Introduction
This vignette covers how to access the clean and tidy annual UNAIDS
Estimates from GitHub
Releases. The mindthegap
package uses a cleaning
function (munge_edms
) (formerly munge_unaids
)
to process, munge, and tidy the UNAIDS HIV Estimates output from the EDMS database once new estimates are
available annually (around July) and load_unaids
to load
this cleaned data into your session.
Let’s start by loading the mindthegap
package.
Pull clean data from GitHub Releases
When new data are released annually, our team extracts the data from
the UNAIDS database and runs munge_edms
on it to clean and
tidy the dataset, including new variables such as a pepfar
flag to denote whether a country is a PEPFAR country or not and an
estimate_flag
to indicate estimates that are an
approximation (previously contained a “<” or “>”).

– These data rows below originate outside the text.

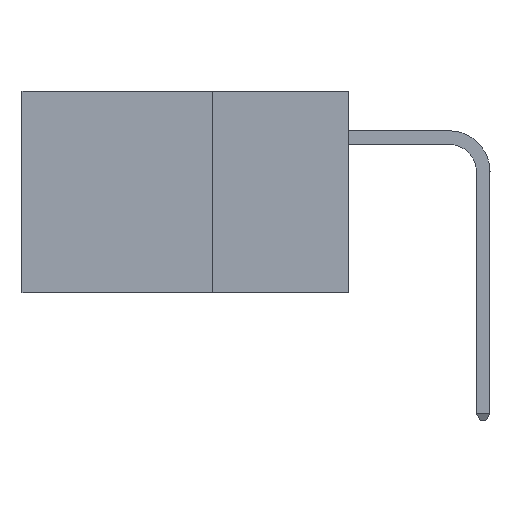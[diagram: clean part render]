
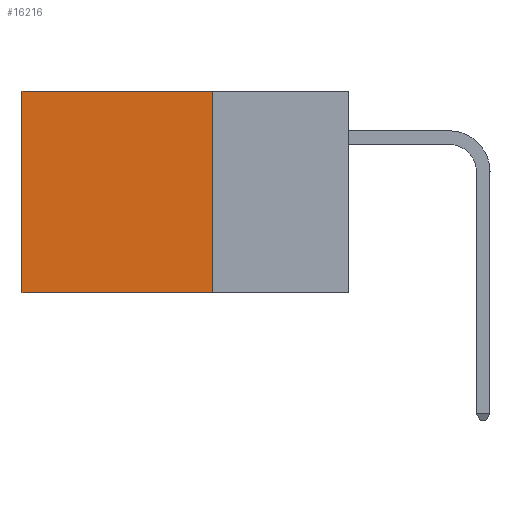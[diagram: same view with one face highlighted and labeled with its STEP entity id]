
A CAD part, left-side view. The second image highlights one B-rep face of the part: STEP entity #16216.
In plain terms, the highlighted planar face has unit normal (-1, 0, 0).
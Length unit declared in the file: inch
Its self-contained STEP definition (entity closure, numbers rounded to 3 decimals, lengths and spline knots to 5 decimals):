
#1473 = ORIENTED_EDGE ( 'NONE', *, *, #12372, .F. ) ;
#1722 = CARTESIAN_POINT ( 'NONE',  ( 0.2875, 0.25, 0. ) ) ;
#1757 = CARTESIAN_POINT ( 'NONE',  ( 0.2875, 0.6, 0. ) ) ;
#1895 = LINE ( 'NONE', #16581, #14254 ) ;
#4234 = CARTESIAN_POINT ( 'NONE',  ( 0.2875, 0.25, 0. ) ) ;
#5257 = CARTESIAN_POINT ( 'NONE',  ( 0.2875, 0.25, -0.37 ) ) ;
#5690 = CARTESIAN_POINT ( 'NONE',  ( 0.2875, 0.6, -0.37 ) ) ;
#6280 = VECTOR ( 'NONE', #8645, 39.37008 ) ;
#6788 = DIRECTION ( 'NONE',  ( 0., 1., 0. ) ) ;
#7217 = EDGE_CURVE ( 'NONE', #23447, #18105, #24734, .T. ) ;
#7242 = ORIENTED_EDGE ( 'NONE', *, *, #17849, .F. ) ;
#8492 = CARTESIAN_POINT ( 'NONE',  ( 0.2875, 0.25, 0. ) ) ;
#8645 = DIRECTION ( 'NONE',  ( 0., 0., -1. ) ) ;
#10182 = CARTESIAN_POINT ( 'NONE',  ( 0.2875, 0.6, 0. ) ) ;
#10549 = VERTEX_POINT ( 'NONE', #19554 ) ;
#11513 = PLANE ( 'NONE',  #16620 ) ;
#12202 = EDGE_CURVE ( 'NONE', #10549, #23447, #20933, .T. ) ;
#12372 = EDGE_CURVE ( 'NONE', #10549, #29683, #22585, .T. ) ;
#13583 = DIRECTION ( 'NONE',  ( 0., 1., 0. ) ) ;
#14254 = VECTOR ( 'NONE', #6788, 39.37008 ) ;
#16216 = ADVANCED_FACE ( 'NONE', ( #22704 ), #11513, .F. ) ;
#16581 = CARTESIAN_POINT ( 'NONE',  ( 0.2875, 0.25, -0.37 ) ) ;
#16620 = AXIS2_PLACEMENT_3D ( 'NONE', #1722, #30064, #27906 ) ;
#17800 = ORIENTED_EDGE ( 'NONE', *, *, #12202, .T. ) ;
#17849 = EDGE_CURVE ( 'NONE', #29683, #18105, #1895, .T. ) ;
#18105 = VERTEX_POINT ( 'NONE', #5690 ) ;
#19554 = CARTESIAN_POINT ( 'NONE',  ( 0.2875, 0.25, 0. ) ) ;
#20933 = LINE ( 'NONE', #4234, #22392 ) ;
#22392 = VECTOR ( 'NONE', #13583, 39.37008 ) ;
#22585 = LINE ( 'NONE', #8492, #6280 ) ;
#22586 = DIRECTION ( 'NONE',  ( 0., 0., -1. ) ) ;
#22704 = FACE_OUTER_BOUND ( 'NONE', #27880, .T. ) ;
#23447 = VERTEX_POINT ( 'NONE', #10182 ) ;
#24734 = LINE ( 'NONE', #1757, #26177 ) ;
#26177 = VECTOR ( 'NONE', #22586, 39.37008 ) ;
#26621 = ORIENTED_EDGE ( 'NONE', *, *, #7217, .T. ) ;
#27880 = EDGE_LOOP ( 'NONE', ( #26621, #7242, #1473, #17800 ) ) ;
#27906 = DIRECTION ( 'NONE',  ( 0., 0., -1. ) ) ;
#29683 = VERTEX_POINT ( 'NONE', #5257 ) ;
#30064 = DIRECTION ( 'NONE',  ( 1., 0., 0. ) ) ;
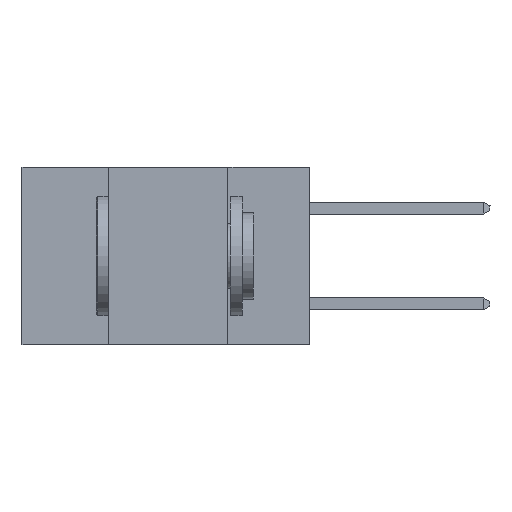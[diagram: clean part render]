
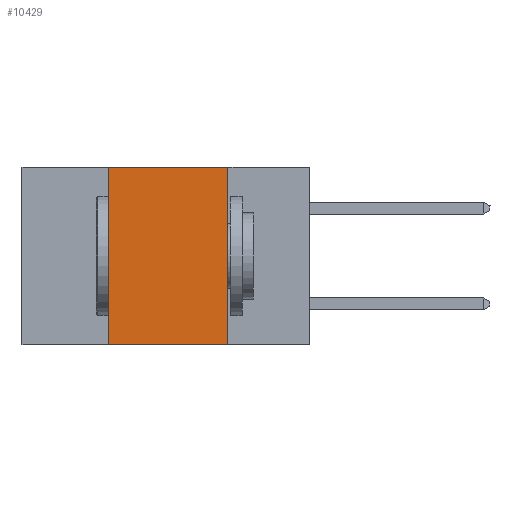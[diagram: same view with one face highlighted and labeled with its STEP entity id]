
A CAD part, left-side view. The second image highlights one B-rep face of the part: STEP entity #10429.
In plain terms, the highlighted planar face has unit normal (-1, 0, 0).
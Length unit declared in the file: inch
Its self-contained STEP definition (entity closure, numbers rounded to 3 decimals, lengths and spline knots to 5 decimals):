
#1067 = CARTESIAN_POINT ( 'NONE',  ( 0., 0.42, 0. ) ) ;
#1079 = EDGE_CURVE ( 'NONE', #7227, #2991, #13293, .T. ) ;
#2182 = CARTESIAN_POINT ( 'NONE',  ( 0., 0.6, 0. ) ) ;
#2991 = VERTEX_POINT ( 'NONE', #16152 ) ;
#3790 = DIRECTION ( 'NONE',  ( 1., 0., 0. ) ) ;
#4254 = DIRECTION ( 'NONE',  ( 0., -1., 0. ) ) ;
#4269 = DIRECTION ( 'NONE',  ( 0., 0., 1. ) ) ;
#4779 = ORIENTED_EDGE ( 'NONE', *, *, #1079, .F. ) ;
#5113 = VECTOR ( 'NONE', #4254, 39.37008 ) ;
#5219 = CARTESIAN_POINT ( 'NONE',  ( 0., 0.6, -0.37 ) ) ;
#6141 = LINE ( 'NONE', #5219, #10254 ) ;
#6369 = EDGE_CURVE ( 'NONE', #15523, #7227, #12710, .T. ) ;
#7012 = VERTEX_POINT ( 'NONE', #11881 ) ;
#7130 = CARTESIAN_POINT ( 'NONE',  ( 0., 0.6, 0. ) ) ;
#7145 = CARTESIAN_POINT ( 'NONE',  ( 0., 0.17, 0. ) ) ;
#7227 = VERTEX_POINT ( 'NONE', #7787 ) ;
#7498 = EDGE_LOOP ( 'NONE', ( #16516, #4779, #15372, #15458 ) ) ;
#7541 = VECTOR ( 'NONE', #10245, 39.37008 ) ;
#7787 = CARTESIAN_POINT ( 'NONE',  ( 0., 0.42, 0. ) ) ;
#8174 = VECTOR ( 'NONE', #4269, 39.37008 ) ;
#8440 = CARTESIAN_POINT ( 'NONE',  ( 0., 0.42, -0.37 ) ) ;
#9907 = DIRECTION ( 'NONE',  ( 0., -1., 0. ) ) ;
#10245 = DIRECTION ( 'NONE',  ( 0., 0., -1. ) ) ;
#10254 = VECTOR ( 'NONE', #9907, 39.37008 ) ;
#10429 = ADVANCED_FACE ( 'NONE', ( #18113 ), #11519, .F. ) ;
#10529 = EDGE_CURVE ( 'NONE', #2991, #7012, #16182, .T. ) ;
#11519 = PLANE ( 'NONE',  #18990 ) ;
#11881 = CARTESIAN_POINT ( 'NONE',  ( 0., 0.17, -0.37 ) ) ;
#12710 = LINE ( 'NONE', #1067, #8174 ) ;
#13293 = LINE ( 'NONE', #7130, #5113 ) ;
#13937 = EDGE_CURVE ( 'NONE', #15523, #7012, #6141, .T. ) ;
#14557 = DIRECTION ( 'NONE',  ( 0., 0., -1. ) ) ;
#15372 = ORIENTED_EDGE ( 'NONE', *, *, #6369, .F. ) ;
#15458 = ORIENTED_EDGE ( 'NONE', *, *, #13937, .T. ) ;
#15523 = VERTEX_POINT ( 'NONE', #8440 ) ;
#16152 = CARTESIAN_POINT ( 'NONE',  ( 0., 0.17, 0. ) ) ;
#16182 = LINE ( 'NONE', #7145, #7541 ) ;
#16516 = ORIENTED_EDGE ( 'NONE', *, *, #10529, .F. ) ;
#18113 = FACE_OUTER_BOUND ( 'NONE', #7498, .T. ) ;
#18990 = AXIS2_PLACEMENT_3D ( 'NONE', #2182, #3790, #14557 ) ;

In order to
make this data accessible outside of R and cut down on the processing
time, we uploaded the clean UNAIDS data to the package
releases; users can easily access this data by running
load_unaids
with R or directly downloading the data
file.
To use load_unaids
, the user just needed to specify
whether they want to return all countries or just PEPFAR ones
(pepfar_only = TRUE
), the default.
df_unaids <- load_unaids(pepfar_only = TRUE)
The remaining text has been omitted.